:: AVAILABLE RECORDS ::
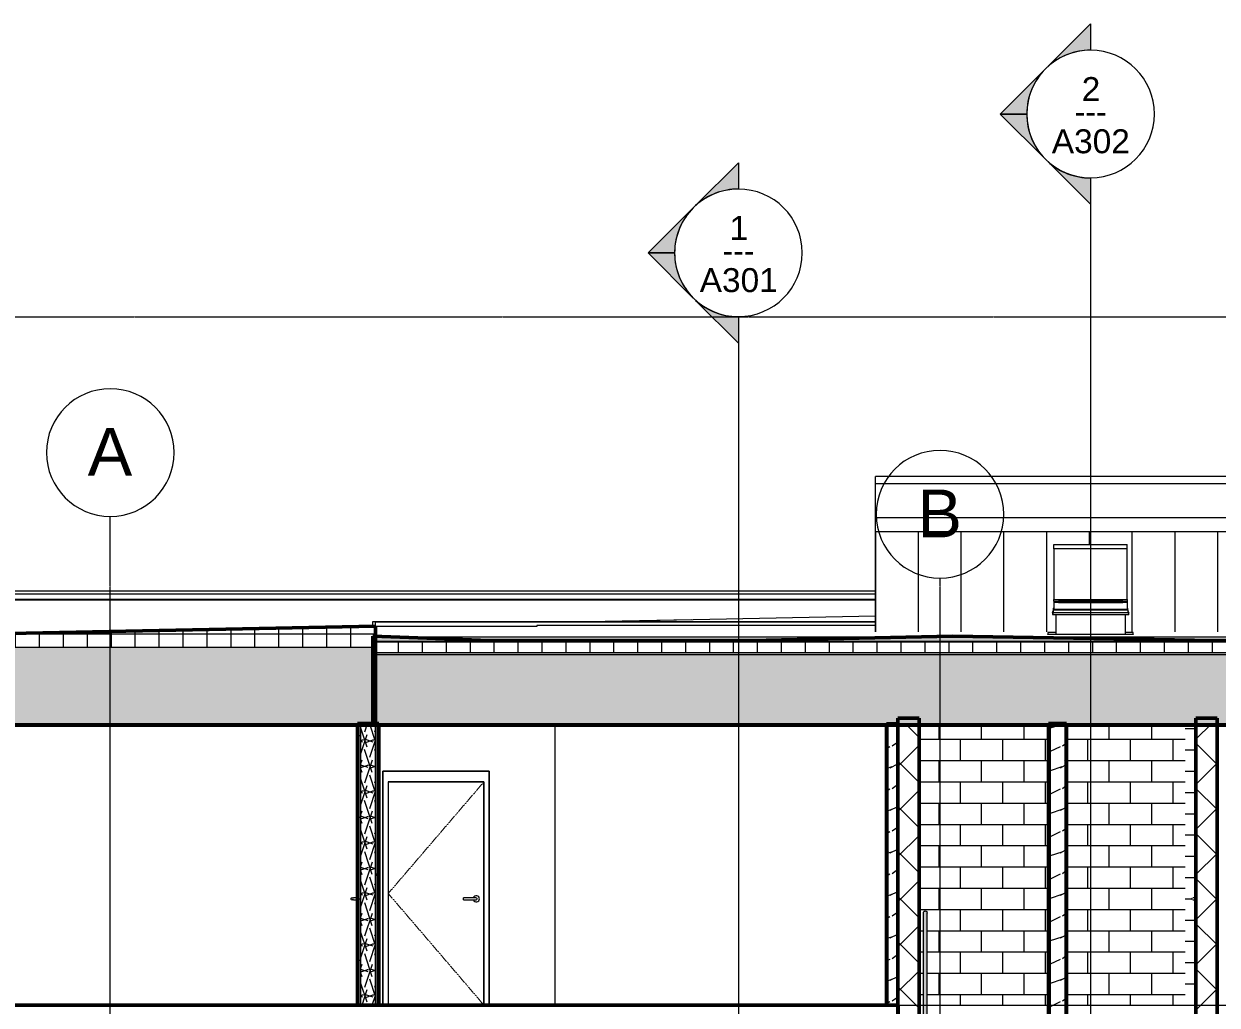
# Model space of a CAD drawing. Header units: inches. Extents: x -4168 to 1483, y -300 to 637.
# Drawn here: x -815.1 to -366.4, y 268 to 637.1 of the extents above; entities that cross this region are included whole.
import ezdxf

# ---------------------------------------------------------------- set-up
doc = ezdxf.new("R2010")
doc.units = ezdxf.units.IN
doc.header["$MEASUREMENT"] = 0
for name, pattern in [('Aligning Line 1_8_', [0.25, 0.125, -0.125]), ('Dash 1_16_', [0.125, 0.0625, -0.0625]), ('Grid Line 1_2_', [0.875, 0.5, -0.125, 0.125, -0.125])]:
    doc.linetypes.add(name, pattern=pattern)
for name, color, linetype, lineweight in [('0-3', 10, 'Continuous', 13), ('0-5', 170, 'Continuous', 5), ('A-DOOR-1', 7, 'Dash 1_16_', 9), ('A-DOOR-2', 7, 'Continuous', 9), ('A-DOOR-FRAM-1', 7, 'Continuous', 9), ('A-FLOR-7', 192, 'Continuous', 50), ('A-FLOR-8', 135, 'Continuous', 13), ('A-FLOR-HRAL', 11, 'Continuous', 9), ('A-FLOR-HRAL-1', 71, 'Continuous', 9), ('A-FLOR-HRAL-2', 7, 'Continuous', 9), ('A-FLOR-LEVL-1', 51, 'Grid Line 1_2_', 9), ('A-GENM-1', 55, 'Continuous', 9), ('A-ROOF', 132, 'Continuous', 13), ('A-ROOF-1', 252, 'Continuous', 13), ('A-ROOF-2', 135, 'Continuous', 13), ('A-ROOF-3', 132, 'Continuous', 50), ('A-ROOF-PATT-1', 132, 'Continuous', 9), ('A-WALL-1', 252, 'Continuous', 13), ('A-WALL-2', 10, 'Continuous', 13), ('A-WALL-3', 135, 'Continuous', 13), ('A-WALL-4', 250, 'Continuous', 50), ('A-WALL-PATT-1', 7, 'Continuous', 9), ('A-WALL-PATT-2', 253, 'Continuous', 9), ('A-WALL-PATT-3', 55, 'Continuous', 9), ('A-WALL-PATT-4', 45, 'Continuous', 9), ('G-ANNO-SYMB', 111, 'Aligning Line 1_8_', 9), ('G-ANNO-SYMB-1', 111, 'Continuous', 9), ('I-WALL-1', 250, 'Continuous', 50), ('I-WALL-2', 135, 'Continuous', 13), ('S-FNDN-1', 135, 'Continuous', 13), ('S-GRID-1', 1, 'Grid Line 1_2_', 9), ('S-GRID-IDEN', 1, 'Continuous', 9)]:
    doc.layers.add(name, color=color, linetype=linetype, lineweight=lineweight)
doc.styles.add('Arial', font='arial.ttf', dxfattribs={"height": 9})
doc.styles.add('Arial_1', font='arial.ttf', dxfattribs={"height": 18})
doc.styles.add('Century Gothic', font='ufonts.com_century-gothic.ttf', dxfattribs={"height": 9})
pattern_1 = [(0, (-10964.796, 146.633), (30.72, 7.68), [1.267, -21.773, 1.267, -21.773, -122.88]), (0, (-10964.796, 146.633), (30.72, 7.68), [-46.08, 1.267, -44.813, 1.267, -21.773, -53.76]), (0, (-10964.796, 146.633), (30.72, 7.68), [-115.2, 1.267, -14.093, 1.267, -37.133]), (120, (-10953.276, 150.473), (-22.011075, 22.7643), [1.267, -21.773, 1.267, -21.773, -122.88]), (120, (-10953.276, 150.473), (-22.011075, 22.7643), [-46.08, 1.267, -44.813, 1.267, -21.773, -53.76]), (120, (-10953.276, 150.473), (-22.011075, 22.7643), [-115.2, 1.267, -14.093, 1.267, -37.133]), (240, (-10949.436, 165.833), (-8.708925, -30.4443), [1.267, -21.773, 1.267, -21.773, -122.88]), (240, (-10949.436, 165.833), (-8.708925, -30.4443), [-46.08, 1.267, -44.813, 1.267, -21.773, -53.76]), (240, (-10949.436, 165.833), (-8.708925, -30.4443), [-115.2, 1.267, -14.093, 1.267, -37.133])]
pattern_2 = [(216.87, (-10958.398, 162.627), (47.980943, 31.987086), [7.997, -71.971]), (206.565, (-10948.802, 157.829), (-15.993714, -15.99413), [17.881, -17.881]), (198.435, (-10948.802, 149.832), (-31.98674, -15.99388), [10.115, -40.461])]
pattern_3 = [(45, (-10964.796, 146.633), (-8.48528, 8.48528), []), (135, (-10964.796, 146.633), (-8.48528, -8.48528), [])]
pattern_4 = [(0, (99.771, 146.633), (0, 9), []), (90, (99.771, 146.633), (-9, 6e-16), [])]
pattern_5 = [(161.57, (100.2508, 147.113), (-3.8399538, -1.54e-05), [0, -27.322, 3.034, 0]), (18.43, (99.2908, 147.113), (-3.8399538, 1.54e-05), [0, -27.322, 3.034, 0]), (108.43, (100.2508, 147.113), (1.919622, -9.6005246), [9.106, -21.25]), (71.57, (99.2908, 147.113), (1.919622, 9.6005246), [9.106, -21.25])]
pattern_6 = [(0, (99.771, 146.633), (30.72, 7.68), [1.267, -21.773, 1.267, -21.773, -122.88]), (0, (99.771, 146.633), (30.72, 7.68), [-46.08, 1.267, -44.813, 1.267, -21.773, -53.76]), (0, (99.771, 146.633), (30.72, 7.68), [-115.2, 1.267, -14.093, 1.267, -37.133]), (120, (111.291, 150.473), (-22.011075, 22.7643), [1.267, -21.773, 1.267, -21.773, -122.88]), (120, (111.291, 150.473), (-22.011075, 22.7643), [-46.08, 1.267, -44.813, 1.267, -21.773, -53.76]), (120, (111.291, 150.473), (-22.011075, 22.7643), [-115.2, 1.267, -14.093, 1.267, -37.133]), (240, (115.131, 165.833), (-8.708925, -30.4443), [1.267, -21.773, 1.267, -21.773, -122.88]), (240, (115.131, 165.833), (-8.708925, -30.4443), [-46.08, 1.267, -44.813, 1.267, -21.773, -53.76]), (240, (115.131, 165.833), (-8.708925, -30.4443), [-115.2, 1.267, -14.093, 1.267, -37.133])]
pattern_7 = [(90, (-366.172, 398), (-16.082, 1e-15), [])]

# ---------------------------------------------------------------- blocks, each defined once
blk = doc.blocks.new('HOLLOW METAL - UNIT DOOR-2125824-BUILDING SECTION - EAST_WEST AT RAMP - LOOKING SOUTH')
at = {"layer": 'A-DOOR-2'}
for p, q in [((-11754.5, 308.39), (-11755.69, 308.39)), ((-11755.69, 307.61), (-11754.5, 307.61)), ((-11754.19, 309.18), (-11754.5, 309.18)), ((-11754.5, 308), (-11754.5, 309.18)), ((-11754.5, 306.82), (-11754.5, 308)), ((-11754.5, 306.82), (-11754.19, 306.82))]:
    blk.add_line(p, q, dxfattribs=at)
at = {"layer": 'A-DOOR-2', "flags": 128}
for points in [[(-11756.67, 308), (-11756.67, 308.02), (-11756.67, 308.03), (-11756.67, 308.05), (-11756.66, 308.06), (-11756.66, 308.08), (-11756.66, 308.09)], [(-11756.66, 307.9), (-11756.66, 307.92), (-11756.66, 307.93), (-11756.67, 307.95), (-11756.67, 307.96), (-11756.67, 307.98), (-11756.67, 308), (-11756.67, 308)], [(-11756.64, 308.15), (-11756.63, 308.17), (-11756.63, 308.18), (-11756.62, 308.2), (-11756.61, 308.21), (-11756.6, 308.22), (-11756.59, 308.24), (-11756.58, 308.25)], [(-11756.59, 307.76), (-11756.6, 307.77), (-11756.61, 307.79), (-11756.62, 307.8), (-11756.62, 307.81), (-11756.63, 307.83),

:: WHAT TO WORK ON ::
Please state how many lines in the entries above include the word "arial", giving only the number.

:: REPLY ::
2